A few positive samples were misclassified to their negative counterparts. Compared with senior pathologists, the small number of the cells made MSHT difficult to distinct cancer cells by its arrangement and relative size information.
A specific image was misclassified to positive condition by 3 of the 5-fold models.

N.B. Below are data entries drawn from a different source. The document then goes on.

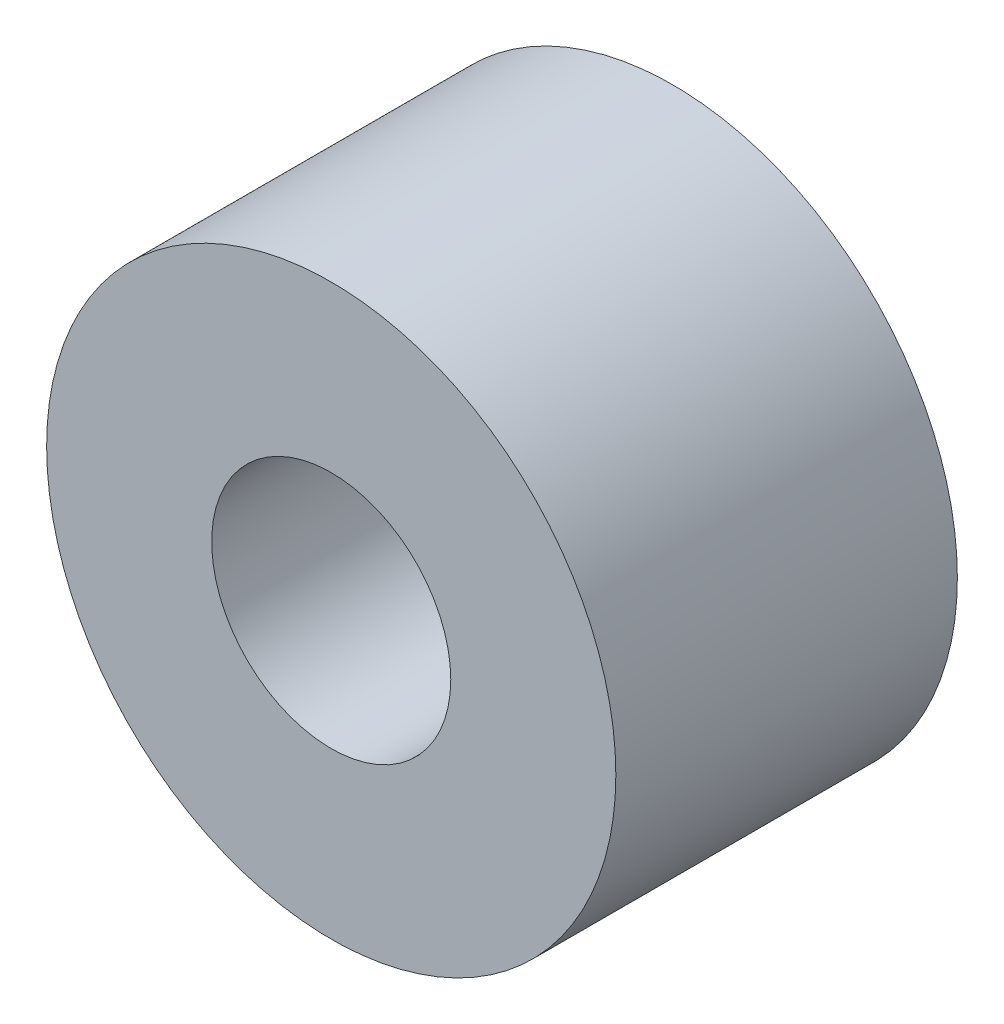
ISO-10303-21;
HEADER;
FILE_DESCRIPTION(('STEP AP214'),'2;1');
FILE_NAME('part.step','',(''),(''),'','','');
FILE_SCHEMA(('AUTOMOTIVE_DESIGN { 1 0 10303 214 1 1 1 1 }'));
ENDSEC;
DATA;
#1=APPLICATION_CONTEXT('core data for automotive mechanical design processes');
#2=APPLICATION_PROTOCOL_DEFINITION('international standard','automotive_design',2000,#1);
#3=PRODUCT_CONTEXT('',#1,'mechanical');
#4=PRODUCT('Part','Part','',(#3));
#5=PRODUCT_RELATED_PRODUCT_CATEGORY('part','',(#4));
#6=PRODUCT_DEFINITION_FORMATION('','',#4);
#7=PRODUCT_DEFINITION_CONTEXT('part definition',#1,'design');
#8=PRODUCT_DEFINITION('design','',#6,#7);
#9=PRODUCT_DEFINITION_SHAPE('','',#8);
#10=(LENGTH_UNIT() NAMED_UNIT(*) SI_UNIT(.MILLI.,.METRE.));
#11=(NAMED_UNIT(*) PLANE_ANGLE_UNIT() SI_UNIT($,.RADIAN.));
#12=(NAMED_UNIT(*) SI_UNIT($,.STERADIAN.) SOLID_ANGLE_UNIT());
#13=UNCERTAINTY_MEASURE_WITH_UNIT(LENGTH_MEASURE(1.E-05),#10,'distance_accuracy_value','');
#14=(GEOMETRIC_REPRESENTATION_CONTEXT(3) GLOBAL_UNCERTAINTY_ASSIGNED_CONTEXT((#13)) GLOBAL_UNIT_ASSIGNED_CONTEXT((#10,
#11,#12)) REPRESENTATION_CONTEXT('',''));
#15=CARTESIAN_POINT('',(0.,0.,0.));
#16=DIRECTION('',(0.,0.,1.));
#17=DIRECTION('',(1.,0.,0.));
#18=AXIS2_PLACEMENT_3D('',#15,#16,#17);
#19=CARTESIAN_POINT('',(0.,0.,12.));
#20=DIRECTION('',(0.,0.,1.));
#21=DIRECTION('',(1.,0.,0.));
#22=AXIS2_PLACEMENT_3D('',#19,#20,#21);
#23=PLANE('',#22);
#24=CARTESIAN_POINT('',(0.,0.,12.));
#25=DIRECTION('',(0.,0.,1.));
#26=DIRECTION('',(1.,0.,0.));
#27=AXIS2_PLACEMENT_3D('',#24,#25,#26);
#28=CIRCLE('',#27,10.);
#29=CARTESIAN_POINT('',(10.,0.,12.));
#30=VERTEX_POINT('',#29);
#31=EDGE_CURVE('E10',#30,#30,#28,.T.);
#32=ORIENTED_EDGE('',*,*,#31,.T.);
#33=EDGE_LOOP('',(#32));
#34=FACE_BOUND('',#33,.T.);
#35=CARTESIAN_POINT('',(0.,0.,12.));
#36=DIRECTION('',(0.,0.,1.));
#37=DIRECTION('',(1.,0.,0.));
#38=AXIS2_PLACEMENT_3D('',#35,#36,#37);
#39=CIRCLE('',#38,4.2);
#40=CARTESIAN_POINT('',(4.2,0.,12.));
#41=VERTEX_POINT('',#40);
#42=EDGE_CURVE('E48',#41,#41,#39,.T.);
#43=ORIENTED_EDGE('',*,*,#42,.F.);
#44=EDGE_LOOP('',(#43));
#45=FACE_BOUND('',#44,.T.);
#46=ADVANCED_FACE('F37',(#34,#45),#23,.T.);
#47=CARTESIAN_POINT('',(0.,0.,0.));
#48=DIRECTION('',(0.,0.,1.));
#49=DIRECTION('',(1.,0.,0.));
#50=AXIS2_PLACEMENT_3D('',#47,#48,#49);
#51=PLANE('',#50);
#52=CARTESIAN_POINT('',(0.,0.,0.));
#53=DIRECTION('',(0.,0.,1.));
#54=DIRECTION('',(1.,0.,0.));
#55=AXIS2_PLACEMENT_3D('',#52,#53,#54);
#56=CIRCLE('',#55,10.);
#57=CARTESIAN_POINT('',(10.,0.,0.));
#58=VERTEX_POINT('',#57);
#59=EDGE_CURVE('E41',#58,#58,#56,.T.);
#60=ORIENTED_EDGE('',*,*,#59,.F.);
#61=EDGE_LOOP('',(#60));
#62=FACE_BOUND('',#61,.T.);
#63=CARTESIAN_POINT('',(0.,0.,0.));
#64=DIRECTION('',(0.,0.,1.));
#65=DIRECTION('',(1.,0.,0.));
#66=AXIS2_PLACEMENT_3D('',#63,#64,#65);
#67=CIRCLE('',#66,4.2);
#68=CARTESIAN_POINT('',(4.2,0.,0.));
#69=VERTEX_POINT('',#68);
#70=EDGE_CURVE('E50',#69,#69,#67,.T.);
#71=ORIENTED_EDGE('',*,*,#70,.T.);
#72=EDGE_LOOP('',(#71));
#73=FACE_BOUND('',#72,.T.);
#74=ADVANCED_FACE('F60',(#62,#73),#51,.F.);
#75=CARTESIAN_POINT('',(0.,0.,12.));
#76=DIRECTION('',(0.,0.,-1.));
#77=DIRECTION('',(-1.,0.,0.));
#78=AXIS2_PLACEMENT_3D('',#75,#76,#77);
#79=CYLINDRICAL_SURFACE('',#78,10.);
#80=ORIENTED_EDGE('',*,*,#31,.F.);
#81=EDGE_LOOP('',(#80));
#82=FACE_BOUND('',#81,.T.);
#83=ORIENTED_EDGE('',*,*,#59,.T.);
#84=EDGE_LOOP('',(#83));
#85=FACE_BOUND('',#84,.T.);
#86=ADVANCED_FACE('F39',(#82,#85),#79,.T.);
#87=CARTESIAN_POINT('',(0.,0.,12.));
#88=DIRECTION('',(0.,0.,-1.));
#89=DIRECTION('',(-1.,0.,0.));
#90=AXIS2_PLACEMENT_3D('',#87,#88,#89);
#91=CYLINDRICAL_SURFACE('',#90,4.2);
#92=ORIENTED_EDGE('',*,*,#42,.T.);
#93=EDGE_LOOP('',(#92));
#94=FACE_BOUND('',#93,.T.);
#95=ORIENTED_EDGE('',*,*,#70,.F.);
#96=EDGE_LOOP('',(#95));
#97=FACE_BOUND('',#96,.T.);
#98=ADVANCED_FACE('F56',(#94,#97),#91,.F.);
#99=CLOSED_SHELL('',(#46,#74,#86,#98));
#100=MANIFOLD_SOLID_BREP('B2',#99);
#101=ADVANCED_BREP_SHAPE_REPRESENTATION('',(#18,#100),#14);
#102=SHAPE_DEFINITION_REPRESENTATION(#9,#101);
ENDSEC;
END-ISO-10303-21;
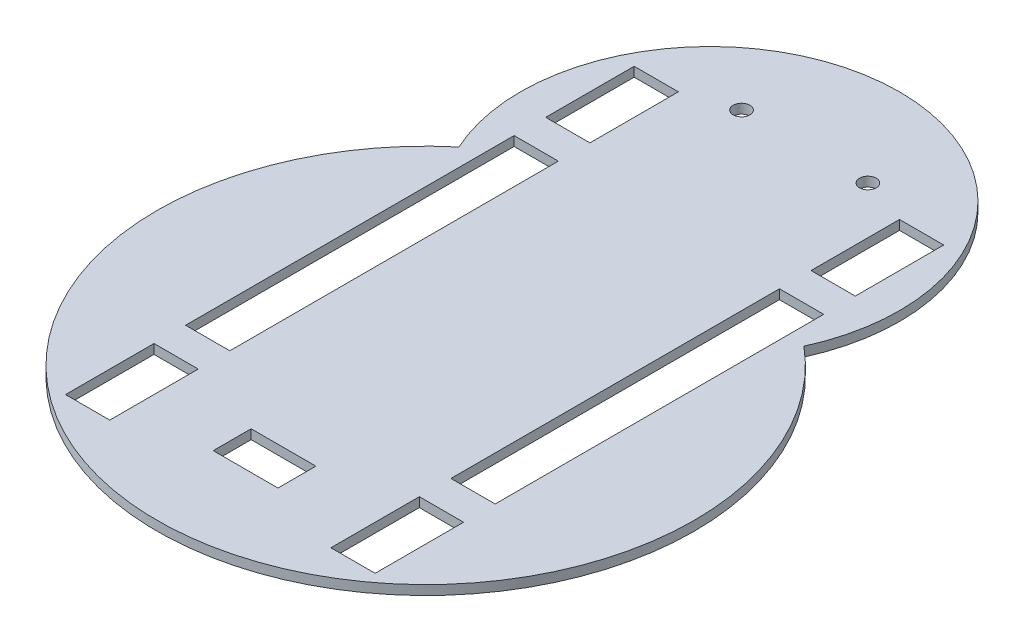
ISO-10303-21;
HEADER;
FILE_DESCRIPTION(('STEP AP214'),'2;1');
FILE_NAME('part.step','',(''),(''),'','','');
FILE_SCHEMA(('AUTOMOTIVE_DESIGN { 1 0 10303 214 1 1 1 1 }'));
ENDSEC;
DATA;
#1=APPLICATION_CONTEXT('core data for automotive mechanical design processes');
#2=APPLICATION_PROTOCOL_DEFINITION('international standard','automotive_design',2000,#1);
#3=PRODUCT_CONTEXT('',#1,'mechanical');
#4=PRODUCT('Part','Part','',(#3));
#5=PRODUCT_RELATED_PRODUCT_CATEGORY('part','',(#4));
#6=PRODUCT_DEFINITION_FORMATION('','',#4);
#7=PRODUCT_DEFINITION_CONTEXT('part definition',#1,'design');
#8=PRODUCT_DEFINITION('design','',#6,#7);
#9=PRODUCT_DEFINITION_SHAPE('','',#8);
#10=(LENGTH_UNIT() NAMED_UNIT(*) SI_UNIT(.MILLI.,.METRE.));
#11=(NAMED_UNIT(*) PLANE_ANGLE_UNIT() SI_UNIT($,.RADIAN.));
#12=(NAMED_UNIT(*) SI_UNIT($,.STERADIAN.) SOLID_ANGLE_UNIT());
#13=UNCERTAINTY_MEASURE_WITH_UNIT(LENGTH_MEASURE(1.E-05),#10,'distance_accuracy_value','');
#14=(GEOMETRIC_REPRESENTATION_CONTEXT(3) GLOBAL_UNCERTAINTY_ASSIGNED_CONTEXT((#13)) GLOBAL_UNIT_ASSIGNED_CONTEXT((#10,
#11,#12)) REPRESENTATION_CONTEXT('',''));
#15=CARTESIAN_POINT('',(0.,0.,0.));
#16=DIRECTION('',(0.,0.,1.));
#17=DIRECTION('',(1.,0.,0.));
#18=AXIS2_PLACEMENT_3D('',#15,#16,#17);
#19=CARTESIAN_POINT('',(-49.,1.5,0.));
#20=DIRECTION('',(-1.,0.,0.));
#21=DIRECTION('',(0.,0.,1.));
#22=AXIS2_PLACEMENT_3D('',#19,#20,#21);
#23=PLANE('',#22);
#24=DIRECTION('',(0.,0.,-1.));
#25=VECTOR('',#24,1.);
#26=CARTESIAN_POINT('',(-49.,1.5,0.));
#27=LINE('',#26,#25);
#28=CARTESIAN_POINT('',(-49.,1.5,27.));
#29=VERTEX_POINT('',#28);
#30=CARTESIAN_POINT('',(-49.,1.5,-77.));
#31=VERTEX_POINT('',#30);
#32=EDGE_CURVE('E365',#29,#31,#27,.T.);
#33=ORIENTED_EDGE('',*,*,#32,.F.);
#34=DIRECTION('',(0.,-1.,0.));
#35=VECTOR('',#34,1.);
#36=CARTESIAN_POINT('',(-49.,1.5,27.));
#37=LINE('',#36,#35);
#38=CARTESIAN_POINT('',(-49.,-1.5,27.));
#39=VERTEX_POINT('',#38);
#40=EDGE_CURVE('E461',#29,#39,#37,.T.);
#41=ORIENTED_EDGE('',*,*,#40,.T.);
#42=DIRECTION('',(0.,0.,-1.));
#43=VECTOR('',#42,1.);
#44=CARTESIAN_POINT('',(-49.,-1.5,0.));
#45=LINE('',#44,#43);
#46=CARTESIAN_POINT('',(-49.,-1.5,-77.));
#47=VERTEX_POINT('',#46);
#48=EDGE_CURVE('E404',#39,#47,#45,.T.);
#49=ORIENTED_EDGE('',*,*,#48,.T.);
#50=DIRECTION('',(0.,-1.,0.));
#51=VECTOR('',#50,1.);
#52=CARTESIAN_POINT('',(-49.,1.5,-77.));
#53=LINE('',#52,#51);
#54=EDGE_CURVE('E455',#31,#47,#53,.T.);
#55=ORIENTED_EDGE('',*,*,#54,.F.);
#56=EDGE_LOOP('',(#33,#41,#49,#55));
#57=FACE_BOUND('',#56,.T.);
#58=ADVANCED_FACE('F107',(#57),#23,.F.);
#59=CARTESIAN_POINT('',(-49.,1.5,-87.));
#60=VERTEX_POINT('',#59);
#61=CARTESIAN_POINT('',(-49.,1.5,-115.));
#62=VERTEX_POINT('',#61);
#63=EDGE_CURVE('E359',#60,#62,#27,.T.);
#64=ORIENTED_EDGE('',*,*,#63,.F.);
#65=DIRECTION('',(0.,-1.,0.));
#66=VECTOR('',#65,1.);
#67=CARTESIAN_POINT('',(-49.0000000000001,1.5,-87.));
#68=LINE('',#67,#66);
#69=CARTESIAN_POINT('',(-49.,-1.5,-87.));
#70=VERTEX_POINT('',#69);
#71=EDGE_CURVE('E457',#60,#70,#68,.T.);
#72=ORIENTED_EDGE('',*,*,#71,.T.);
#73=CARTESIAN_POINT('',(-49.,-1.5,-115.));
#74=VERTEX_POINT('',#73);
#75=EDGE_CURVE('E398',#70,#74,#45,.T.);
#76=ORIENTED_EDGE('',*,*,#75,.T.);
#77=DIRECTION('',(0.,-1.,0.));
#78=VECTOR('',#77,1.);
#79=CARTESIAN_POINT('',(-49.,1.5,-115.));
#80=LINE('',#79,#78);
#81=EDGE_CURVE('E422',#62,#74,#80,.T.);
#82=ORIENTED_EDGE('',*,*,#81,.F.);
#83=EDGE_LOOP('',(#64,#72,#76,#82));
#84=FACE_BOUND('',#83,.T.);
#85=ADVANCED_FACE('F591',(#84),#23,.F.);
#86=CARTESIAN_POINT('',(0.,1.5,-115.));
#87=DIRECTION('',(0.,0.,-1.));
#88=DIRECTION('',(-1.,0.,0.));
#89=AXIS2_PLACEMENT_3D('',#86,#87,#88);
#90=PLANE('',#89);
#91=DIRECTION('',(1.,0.,0.));
#92=VECTOR('',#91,1.);
#93=CARTESIAN_POINT('',(0.,-1.5,-115.));
#94=LINE('',#93,#92);
#95=CARTESIAN_POINT('',(-35.,-1.5,-115.));
#96=VERTEX_POINT('',#95);
#97=EDGE_CURVE('E403',#74,#96,#94,.T.);
#98=ORIENTED_EDGE('',*,*,#97,.T.);
#99=DIRECTION('',(0.,-1.,0.));
#100=VECTOR('',#99,1.);
#101=CARTESIAN_POINT('',(-35.,1.5,-115.));
#102=LINE('',#101,#100);
#103=CARTESIAN_POINT('',(-35.,1.5,-115.));
#104=VERTEX_POINT('',#103);
#105=EDGE_CURVE('E419',#104,#96,#102,.T.);
#106=ORIENTED_EDGE('',*,*,#105,.F.);
#107=DIRECTION('',(1.,0.,0.));
#108=VECTOR('',#107,1.);
#109=CARTESIAN_POINT('',(0.,1.5,-115.));
#110=LINE('',#109,#108);
#111=EDGE_CURVE('E364',#62,#104,#110,.T.);
#112=ORIENTED_EDGE('',*,*,#111,.F.);
#113=ORIENTED_EDGE('',*,*,#81,.T.);
#114=EDGE_LOOP('',(#98,#106,#112,#113));
#115=FACE_BOUND('',#114,.T.);
#116=ADVANCED_FACE('F590',(#115),#90,.F.);
#117=CARTESIAN_POINT('',(-35.,1.5,0.));
#118=DIRECTION('',(-1.,0.,0.));
#119=DIRECTION('',(0.,0.,1.));
#120=AXIS2_PLACEMENT_3D('',#117,#118,#119);
#121=PLANE('',#120);
#122=DIRECTION('',(0.,-1.,0.));
#123=VECTOR('',#122,1.);
#124=CARTESIAN_POINT('',(-35.,1.5,-87.));
#125=LINE('',#124,#123);
#126=CARTESIAN_POINT('',(-35.,1.5,-87.));
#127=VERTEX_POINT('',#126);
#128=CARTESIAN_POINT('',(-35.,-1.5,-87.));
#129=VERTEX_POINT('',#128);
#130=EDGE_CURVE('E478',#127,#129,#125,.T.);
#131=ORIENTED_EDGE('',*,*,#130,.F.);
#132=DIRECTION('',(0.,0.,-1.));
#133=VECTOR('',#132,1.);
#134=CARTESIAN_POINT('',(-35.,1.5,0.));
#135=LINE('',#134,#133);
#136=EDGE_CURVE('E368',#127,#104,#135,.T.);
#137=ORIENTED_EDGE('',*,*,#136,.T.);
#138=ORIENTED_EDGE('',*,*,#105,.T.);
#139=DIRECTION('',(0.,0.,-1.));
#140=VECTOR('',#139,1.);
#141=CARTESIAN_POINT('',(-35.,-1.5,0.));
#142=LINE('',#141,#140);
#143=EDGE_CURVE('E407',#129,#96,#142,.T.);
#144=ORIENTED_EDGE('',*,*,#143,.F.);
#145=EDGE_LOOP('',(#131,#137,#138,#144));
#146=FACE_BOUND('',#145,.T.);
#147=ADVANCED_FACE('F599',(#146),#121,.T.);
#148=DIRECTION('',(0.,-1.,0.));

By the analysis of senior pathologists, the reason can be revealed on the fluctuation of the squeezed sample, which misleads MSHT by the shape of the cells.
File structure
This repository is built based on timm and pytorch 1.9.0+cu102
We firstly use the Pretrain.py script to pretrain the model on the Imagenet-1k dataset and then use the pre-trained model for 5-fold experiment with Train.py
All implimentation details are setting as the default hyperparameter in the ArgumentParser in the end of our code.
The colab script is presented for your convenience.